Application to breach of privacy

To go back to Gulati and breach of privacy, what we see in the judgment is the court caught between a rock and a hard place. It wants to give substantial compensatory damages for breach of privacy in a situation where there is no or little distress. This forces it to switch to what was described as the ‘unipolar’ model of loss: the loss suffered becomes the wrong itself, i.e. the diminution of the claimant’s privacy (itself sometimes described as a type of loss of ‘dignity’ or ‘autonomy’: these are simply different words to describe the same reality at a higher level of generality). In so doing it clearly rejects Matthew Nicklin QC’s argument, which was an almost picture-perfect defence of the bipolar model: all that can be compensated is distress flowing from the invasion, there being no financial loss alleged in the instant case.

The difficulty is that, not having identified the above tension between two conflicting models of wrong and loss, the court only partly repudiates the dominant ‘bipolar’ model, according to which the wrong is transparent and what matters is its consequences, despite its being incompatible with the favoured approach. The lingering presence of this model, rightly identified by Mr Nicklin as underpinning a number of earlier cases (where courts did not have to choose because distress was the gist of the action) can be seen in the fact that, throughout the judgment, the court oscillates between putting the two losses on the same level – i.e. the claimant can get damages for distress and also damages for loss of his privacy – and seeing them as the flipside one of the other.

This leads Mann J. to move constantly between two positions without, it seems, realising that they are mutually exclusive: on the one hand, that there should be damages for distress and for loss of privacy (e.g. §111, end of §130, §143); on the other hand, that it is ‘unnecessary, if not inappropriate’ (§130) to award damages for loss of privacy on top of damages for distress when there is in fact such distress, the suggestion being that this would be double recovery. At §134 Mann J. comes very close to recognising that the distress is the flipside of the privacy-infringement, hence one injury and one compensatory award. In other words the court oscillates between a pure unipolar model (the loss is the infringement of privacy, of which the distress is the reverse side) and a mitch-match of the unipolar and bipolar models (putting loss of privacy and loss of distress on a par).

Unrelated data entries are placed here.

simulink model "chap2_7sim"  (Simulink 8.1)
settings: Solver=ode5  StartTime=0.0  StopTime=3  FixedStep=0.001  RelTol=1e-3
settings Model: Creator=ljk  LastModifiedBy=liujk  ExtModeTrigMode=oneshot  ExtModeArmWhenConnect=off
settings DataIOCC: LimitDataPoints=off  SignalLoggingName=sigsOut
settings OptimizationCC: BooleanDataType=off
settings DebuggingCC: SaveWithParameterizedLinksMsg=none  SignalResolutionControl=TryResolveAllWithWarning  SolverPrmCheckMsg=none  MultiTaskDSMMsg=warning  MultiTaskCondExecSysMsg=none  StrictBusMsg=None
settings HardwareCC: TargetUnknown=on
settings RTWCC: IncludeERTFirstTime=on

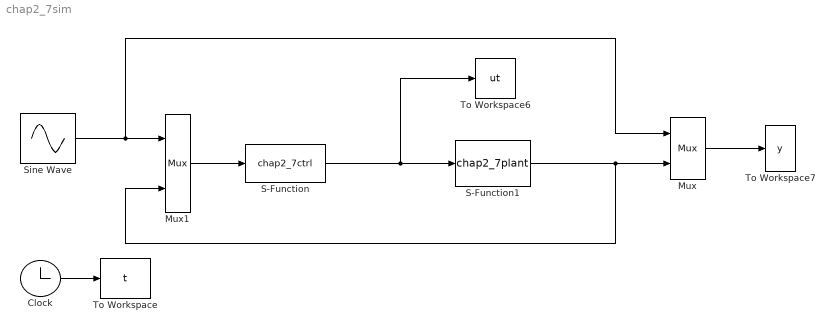
== system chap2_7sim ==
  Clock : Clock
  Mux : Mux  Inputs=2
  Mux1 : Mux  Inputs=2
  S-Function : S-Function  FunctionName=chap2_7ctrl  EnableBusSupport=off
  S-Function1 : S-Function  FunctionName=chap2_7plant  EnableBusSupport=off
  Sine Wave : Sin  Frequency=2*pi  SampleTime=0
  To Workspace : ToWorkspace  VariableName=t  SampleTime=-1
  To Workspace6 : ToWorkspace  VariableName=ut  SampleTime=-1
  To Workspace7 : ToWorkspace  VariableName=y  SampleTime=-1
  wires:
  Clock/1 -> To Workspace/1
  S-Function1/1 -> Mux1/2, Mux/2
  Mux/1 -> To Workspace7/1
  Mux1/1 -> S-Function/1
  Sine Wave/1 -> Mux/1, Mux1/1
  S-Function/1 -> To Workspace6/1, S-Function1/1
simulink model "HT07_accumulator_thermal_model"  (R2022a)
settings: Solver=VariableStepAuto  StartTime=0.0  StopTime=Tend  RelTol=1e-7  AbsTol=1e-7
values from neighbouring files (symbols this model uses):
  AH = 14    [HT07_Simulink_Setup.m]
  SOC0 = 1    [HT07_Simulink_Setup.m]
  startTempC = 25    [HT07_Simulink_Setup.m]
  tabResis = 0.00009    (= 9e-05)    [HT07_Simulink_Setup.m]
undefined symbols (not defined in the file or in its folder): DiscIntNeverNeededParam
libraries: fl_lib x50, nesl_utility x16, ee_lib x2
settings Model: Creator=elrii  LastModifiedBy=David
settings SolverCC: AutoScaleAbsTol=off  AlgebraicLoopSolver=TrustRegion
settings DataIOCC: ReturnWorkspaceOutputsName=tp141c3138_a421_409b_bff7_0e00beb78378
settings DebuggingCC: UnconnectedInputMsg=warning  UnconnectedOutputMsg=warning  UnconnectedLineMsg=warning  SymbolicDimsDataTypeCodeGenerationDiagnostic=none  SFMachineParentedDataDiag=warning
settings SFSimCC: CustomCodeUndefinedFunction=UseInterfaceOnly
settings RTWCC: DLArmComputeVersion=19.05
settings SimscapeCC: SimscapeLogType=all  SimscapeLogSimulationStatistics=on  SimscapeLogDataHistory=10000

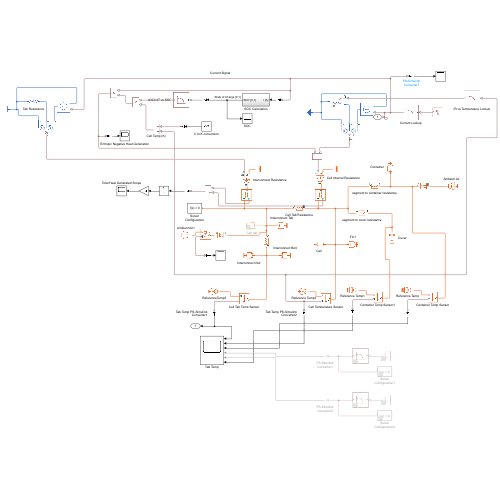
[thumbnail: Simulink's stored preview of the top-level diagram]
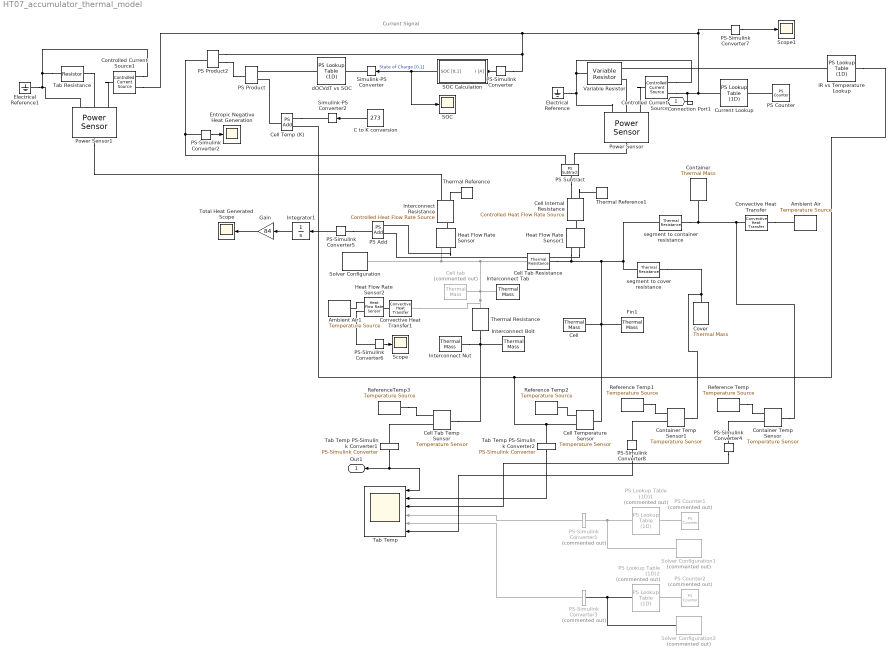
== system HT07_accumulator_thermal_model ==
  note: Current Signal
  " Fin1" : fl_lib/Thermal/Thermal Elements/Thermal Mass  mass=mFin kg  sp_heat=cAl J/kg/K  T_specify=on  T_priority=High  T=startTempC degC  T_nominal_specify=off  T_nominal_unit=K  T_nominal_value=1  Q_specify=off  Q_priority=None  Q=0 W  Q_nominal_specify=off  Q_nominal_unit=W  Q_nominal_value=1
      settings: SourceProductBaseCode=PW,SS,VE
  Ambient Air : fl_lib/Thermal/Thermal Sources/Temperature Source  temperature=startTempC degC
      settings: SourceProductBaseCode=PW,SS,VE
  Ambient Air1 : fl_lib/Thermal/Thermal Sources/Temperature Source  temperature=startTempC degC
      settings: SourceProductBaseCode=PW,SS,VE
  C to K conversion : Constant  Value=273
  "Cell " : fl_lib/Thermal/Thermal Elements/Thermal Mass  mass=mCell kg  sp_heat=cCell J/kg/K  T_specify=on  T_priority=High  T=startTempC degC  T_nominal_specify=off  T_nominal_unit=K  T_nominal_value=1  Q_specify=off  Q_priority=None  Q=0 W  Q_nominal_specify=off  Q_nominal_unit=W  Q_nominal_value=1
      settings: SourceProductBaseCode=PW,SS,VE
  Cell Internal Resistance : fl_lib/Thermal/Thermal Sources/Controlled Heat Flow Rate Source
      settings: SourceProductBaseCode=PW,SS,VE
  Cell Tab Resistance : fl_lib/Thermal/Thermal Elements/Thermal Resistance  resistance=R_tc K/W  T_specify=off  T_priority=None  T=0 K  T_nominal_specify=off  T_nominal_unit=K  T_nominal_value=1  Q_specify=off  Q_priority=None  Q=0 W  Q_nominal_specify=off  Q_nominal_unit=W  Q_nominal_value=1
      settings: SourceProductBaseCode=PW,SS,VE
  Cell Tab Temp Sensor : fl_lib/Thermal/Thermal Sensors/Temperature Sensor
      settings: SourceProductBaseCode=PW,SS,VE
  Cell Temp (K) : fl_lib/Physical Signals/Functions/PS Add
      settings: SourceProductBaseCode=PW,SS,VE
  Cell Temperature Sensor : fl_lib/Thermal/Thermal Sensors/Temperature Sensor
      settings: SourceProductBaseCode=PW,SS,VE
  Cell tab : fl_lib/Thermal/Thermal Elements/Thermal Mass  Commented=on  mass=cellTabThermalMass kg  sp_heat=cCu J/kg/K  T_specify=on  T_priority=High  T=startTempC degC  T_nominal_specify=off  T_nominal_unit=K  T_nominal_value=1  Q_specify=off  Q_priority=None  Q=0 W  Q_nominal_specify=off  Q_nominal_unit=W  Q_nominal_value=1
      settings: SourceProductBaseCode=PW,SS,VE
  Container : fl_lib/Thermal/Thermal Elements/Thermal Mass  mass=mContainerAdj kg  sp_heat=cAl J/kg/K  T_specify=on  T_priority=High  T=startTempC degC  T_nominal_specify=off  T_nominal_unit=K  T_nominal_value=1  Q_specify=off  Q_priority=None  Q=0 W  Q_nominal_specify=off  Q_nominal_unit=W  Q_nominal_value=1
      settings: SourceProductBaseCode=PW,SS,VE
  Container Temp Sensor : fl_lib/Thermal/Thermal Sensors/Temperature Sensor
      settings: SourceProductBaseCode=PW,SS,VE
  Container Temp Sensor1 : fl_lib/Thermal/Thermal Sensors/Temperature Sensor
      settings: SourceProductBaseCode=PW,SS,VE
  Controlled Current Source : fl_lib/Electrical/Electrical Sources/Controlled Current Source
      settings: SourceProductBaseCode=PW,SS,VE
  Controlled Current Source1 : fl_lib/Electrical/Electrical Sources/Controlled Current Source
      settings: SourceProductBaseCode=PW,SS,VE
  Convective Heat Transfer : fl_lib/Thermal/Thermal Elements/Convective Heat Transfer  area=convectionArea m^2  heat_tr_coeff=20 W/(m^2*K)  T_specify=off  T_priority=None  T=0 K  T_nominal_specify=off  T_nominal_unit=K  T_nominal_value=1  Q_specify=off  Q_priority=None  Q=0 W  Q_nominal_specify=off  Q_nominal_unit=W  Q_nominal_value=1
      settings: SourceProductBaseCode=PW,SS,VE
  Convective Heat Transfer1 : fl_lib/Thermal/Thermal Elements/Convective Heat Transfer  area=tabConvectionArea m^2  heat_tr_coeff=100 W/(m^2*K)  T_specify=off  T_priority=None  T=0 K  T_nominal_specify=off  T_nominal_unit=K  T_nominal_value=1  Q_specify=off  Q_priority=None  Q=0 W  Q_nominal_specify=off  Q_nominal_unit=W  Q_nominal_value=1
      settings: SourceProductBaseCode=PW,SS,VE
  Cover : fl_lib/Thermal/Thermal Elements/Thermal Mass  mass=mCoverAdj kg  sp_heat=cAl J/kg/K  T_specify=on  T_priority=High  T=startTempC degC  T_nominal_specify=off  T_nominal_unit=K  T_nominal_value=1  Q_specify=off  Q_priority=None  Q=0 W  Q_nominal_specify=off  Q_nominal_unit=W  Q_nominal_value=1
      settings: SourceProductBaseCode=PW,SS,VE
  Current Lookup : fl_lib/Physical Signals/Lookup Tables/PS Lookup Table (1D)  x=time  f=current A  interp_method=simscape.enum.interpolation.linear  extrap_method=simscape.enum.extrapolation.nearest
      settings: SourceProductBaseCode=PW,SS,VE
  Electrical Reference : fl_lib/Electrical/Electrical Elements/Electrical Reference
      settings: SourceProductBaseCode=PW,SS,VE
  Electrical Reference1 : fl_lib/Electrical/Electrical Elements/Electrical Reference
      settings: SourceProductBaseCode=PW,SS,VE
  Entropic Negative Heat Generation : Scope
  Gain : Gain  Gain=84
  Heat Flow Rate Sensor : fl_lib/Thermal/Thermal Sensors/Heat Flow Rate Sensor
      settings: SourceProductBaseCode=PW,SS,VE
  Heat Flow Rate Sensor1 : fl_lib/Thermal/Thermal Sensors/Heat Flow Rate Sensor
      settings: SourceProductBaseCode=PW,SS,VE
  Heat Flow Rate Sensor2 : fl_lib/Thermal/Thermal Sensors/Heat Flow Rate Sensor
      settings: SourceProductBaseCode=PW,SS,VE
  IR vs Temperature Lookup : fl_lib/Physical Signals/Lookup Tables/PS Lookup Table (1D)  x=tempVec K  f=IRVec Ohm  interp_method=simscape.enum.interpolation.linear  extrap_method=simscape.enum.extrapolation.nearest
      settings: SourceProductBaseCode=PW,SS,VE
  Integrator1 : Integrator
  Interconnect Bolt : fl_lib/Thermal/Thermal Elements/Thermal Mass  mass=mInterconnectBoltTotal kg  sp_heat=cSt J/kg/K  T_specify=on  T_priority=High  T=startTempC degC  T_nominal_specify=off  T_nominal_unit=K  T_nominal_value=1  Q_specify=off  Q_priority=None  Q=0 W  Q_nominal_specify=off  Q_nominal_unit=W  Q_nominal_value=1
      settings: SourceProductBaseCode=PW,SS,VE
  Interconnect Nut : fl_lib/Thermal/Thermal Elements/Thermal Mass  mass=mInterconnectNutTotal kg  sp_heat=cSt J/kg/K  T_specify=on  T_priority=High  T=startTempC degC  T_nominal_specify=off  T_nominal_unit=K  T_nominal_value=1  Q_specify=off  Q_priority=None  Q=0 W  Q_nominal_specify=off  Q_nominal_unit=W  Q_nominal_value=1
      settings: SourceProductBaseCode=PW,SS,VE
  Interconnect Resistance : fl_lib/Thermal/Thermal Sources/Controlled Heat Flow Rate Source
      settings: SourceProductBaseCode=PW,SS,VE
  Interconnect Tab : fl_lib/Thermal/Thermal Elements/Thermal Mass  mass=mInterconnect kg  sp_heat=cAl J/kg/K  T_specify=on  T_priority=High  T=startTempC degC  T_nominal_specify=off  T_nominal_unit=K  T_nominal_value=1  Q_specify=off  Q_priority=None  Q=0 W  Q_nominal_specify=off  Q_nominal_unit=W  Q_nominal_value=1
      settings: SourceProductBaseCode=PW,SS,VE
  PS Add : fl_lib/Physical Signals/Functions/PS Add
      settings: SourceProductBaseCode=PW,SS,VE
  PS Counter : fl_lib/Physical Signals/Sources/PS Counter  sample_time=1 s  init_val=1  reset_val=0  max_val=100000
      settings: SourceProductBaseCode=PW,SS,VE  InternalSimscapePortConfiguration="{\"Bottom\":[],\"Left\":[],\"Right\":[{\"id\":\"Y\",\"label\":\"Y\",\"type\":\"output\"}],\"Top\":[]}"
  PS Counter1 : fl_lib/Physical Signals/Sources/PS Counter  Commented=on  sample_time=1 s  init_val=1  reset_val=0  max_val=100000
      settings: SourceProductBaseCode=PW,SS,VE  InternalSimscapePortConfiguration="{\"Bottom\":[],\"Left\":[],\"Right\":[{\"id\":\"Y\",\"label\":\"Y\",\"type\":\"output\"}],\"Top\":[]}"
  PS Counter2 : fl_lib/Physical Signals/Sources/PS Counter  Commented=on  sample_time=1 s  init_val=1  reset_val=0  max_val=100000
      settings: SourceProductBaseCode=PW,SS,VE  InternalSimscapePortConfiguration="{\"Bottom\":[],\"Left\":[],\"Right\":[{\"id\":\"Y\",\"label\":\"Y\",\"type\":\"output\"}],\"Top\":[]}"
  PS Lookup Table (1D)1 : fl_lib/Physical Signals/Lookup Tables/PS Lookup Table (1D)  Commented=on  x=time  f=tempInterp  interp_method=simscape.enum.interpolation.linear  extrap_method=simscape.enum.extrapolation.nearest
      settings: SourceProductBaseCode=PW,SS,VE
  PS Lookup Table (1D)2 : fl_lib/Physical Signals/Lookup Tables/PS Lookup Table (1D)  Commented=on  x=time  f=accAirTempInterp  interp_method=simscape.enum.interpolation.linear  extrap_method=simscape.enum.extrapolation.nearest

The present writer’s position would be to say that the loss in all privacy actions is indeed the loss of privacy. Typically this breach of privacy will cause distress but this is irrelevant; it is a typical consequence not an analytical requirement, and the claimant should not get less if he is not distressed (or even incapable of emotions as in the case of juridical persons) and should not get more because he is in fact distressed, or distressed in a more-than-average way – unless and until a separate harm (i.e. the violation of another right) can be identified, which would rightly trigger aggravated damages. But there is no denying that such a view, rooted in a very broad understanding of loss as any violation (‘diminution’) of a right, is a minority position; and adopting it generally would have an enormous ripple effect on the rest of tort law. The important point for now is to identify and accept that there are two irreconcilable logics at play which should not be mixed and matched, even though this is the easy way out and therefore a constant temptation.

Eric Descheemaeker is Reader in European Private Law at the University of Edinburgh. This post builds on a note initially circulated on the Obligations Discussion Group run by Prof. Jason Neyers at the University of Western Ontario.